Once you have your basic dev environment set up, you are ready to start interacting with some smart contracts. There are some basic things you'll need regardless of what convenience library you're using, when communicating with a smart contract:

The Contract Network

If you aren't connected to the right network, you aren't going to have any luck sending transactions to your contract, so make sure you have this right!

Many clever dapps will recognize the user's current network, and actually adapt to it! For example, if you detect a test network, you could deliberately connect to a test-network version of your smart contract, which makes it easy for users to "try out" your system without using real money!

The Contract Address

Every account in Ethereum has an address, whether it's an external key-pair account, or a smart contract. In order for any smart contract library to communicate with your contracts, they'll need to know its exact address.

The Contract ABI

In Ethereum, The ABI Specification is a way to encode the interface of a smart contract in a way that your user interface can make sense of. It is an array of method-describing objects, and when you feed this and the address into a contract-abstraction library, this ABI tells those libraries about what methods to provide, and how to compose transactions to call those methods.

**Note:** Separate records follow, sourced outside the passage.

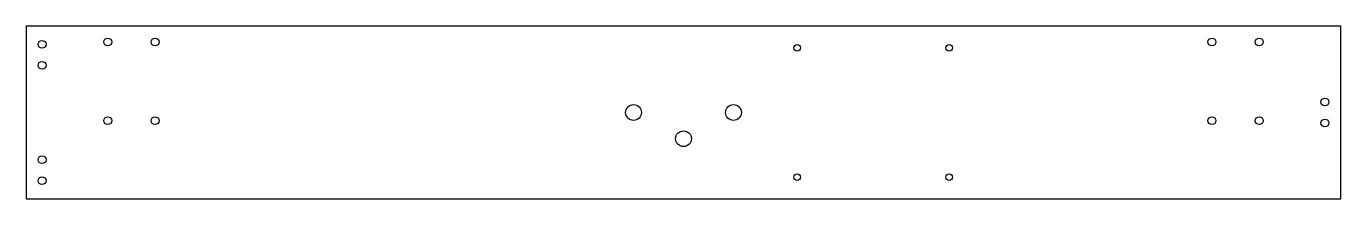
# Model space of a CAD drawing. Header units: millimetres. Extents: x -250 to 250, y -33 to 33.
import ezdxf

# ---------------------------------------------------------------- set-up
doc = ezdxf.new("R2010")
doc.units = ezdxf.units.MM

msp = doc.modelspace()

# ---------------------------------------------------------------- linework, layer by layer
at = {"color": 7, "linetype": 'Continuous', "lineweight": 25}
for p, q in [((250, 32.9), (-250, 32.9)), ((-250, 32.9), (-250, -32.9)), ((250, -32.9), (250, 32.9)), ((-250, -32.9), (250, -32.9))]:
    msp.add_line(p, q, dxfattribs=at)
for centre, radius in [((-244, 26), 1.5), ((-219, 26.9), 1.5), ((-201, 26.9), 1.5), ((43.25, 24.65), 1.25), ((101.05, 24.65), 1.25), ((201, 26.9), 1.5), ((219, 26.9), 1.5), ((-244, 18), 1.5), ((244, 4), 1.5), ((-19, 0), 3), ((19, 0), 3), ((-219, -3.1), 1.5), ((-201, -3.1), 1.5), ((201, -3.1), 1.5), ((219, -3.1), 1.5), ((244, -4), 1.5), ((0, -10), 3), ((-244, -18), 1.5), ((-244, -26), 1.5), ((43.25, -24.65), 1.25), ((101.05, -24.65), 1.25)]:
    msp.add_circle(centre, radius, dxfattribs=at)

doc.saveas('drawing.dxf')

Example libraries include:

The Contract Bytecode

If your web app is going to publish a new smart contract that is pre-compiled, it may need to include some bytecode. In this case, you will not know the contract address in advance, but instead will have to publish, watch for the transaction to be processed, and then extract the final contract's address from the completed transaction.

If publishing a contract from bytecode, you will still want an ABI if you want to interact with it! The bytecode does not describe how to interact with the final contract.

The Contract Source Code

If your website is going to allow users to edit smart contract source code and compile it, like Remix, you may import a whole compiler, in which case you're going to derive your bytecode and ABI from that source code, and eventually you will derive the contract's address from the completed transaction publishing that bytecode.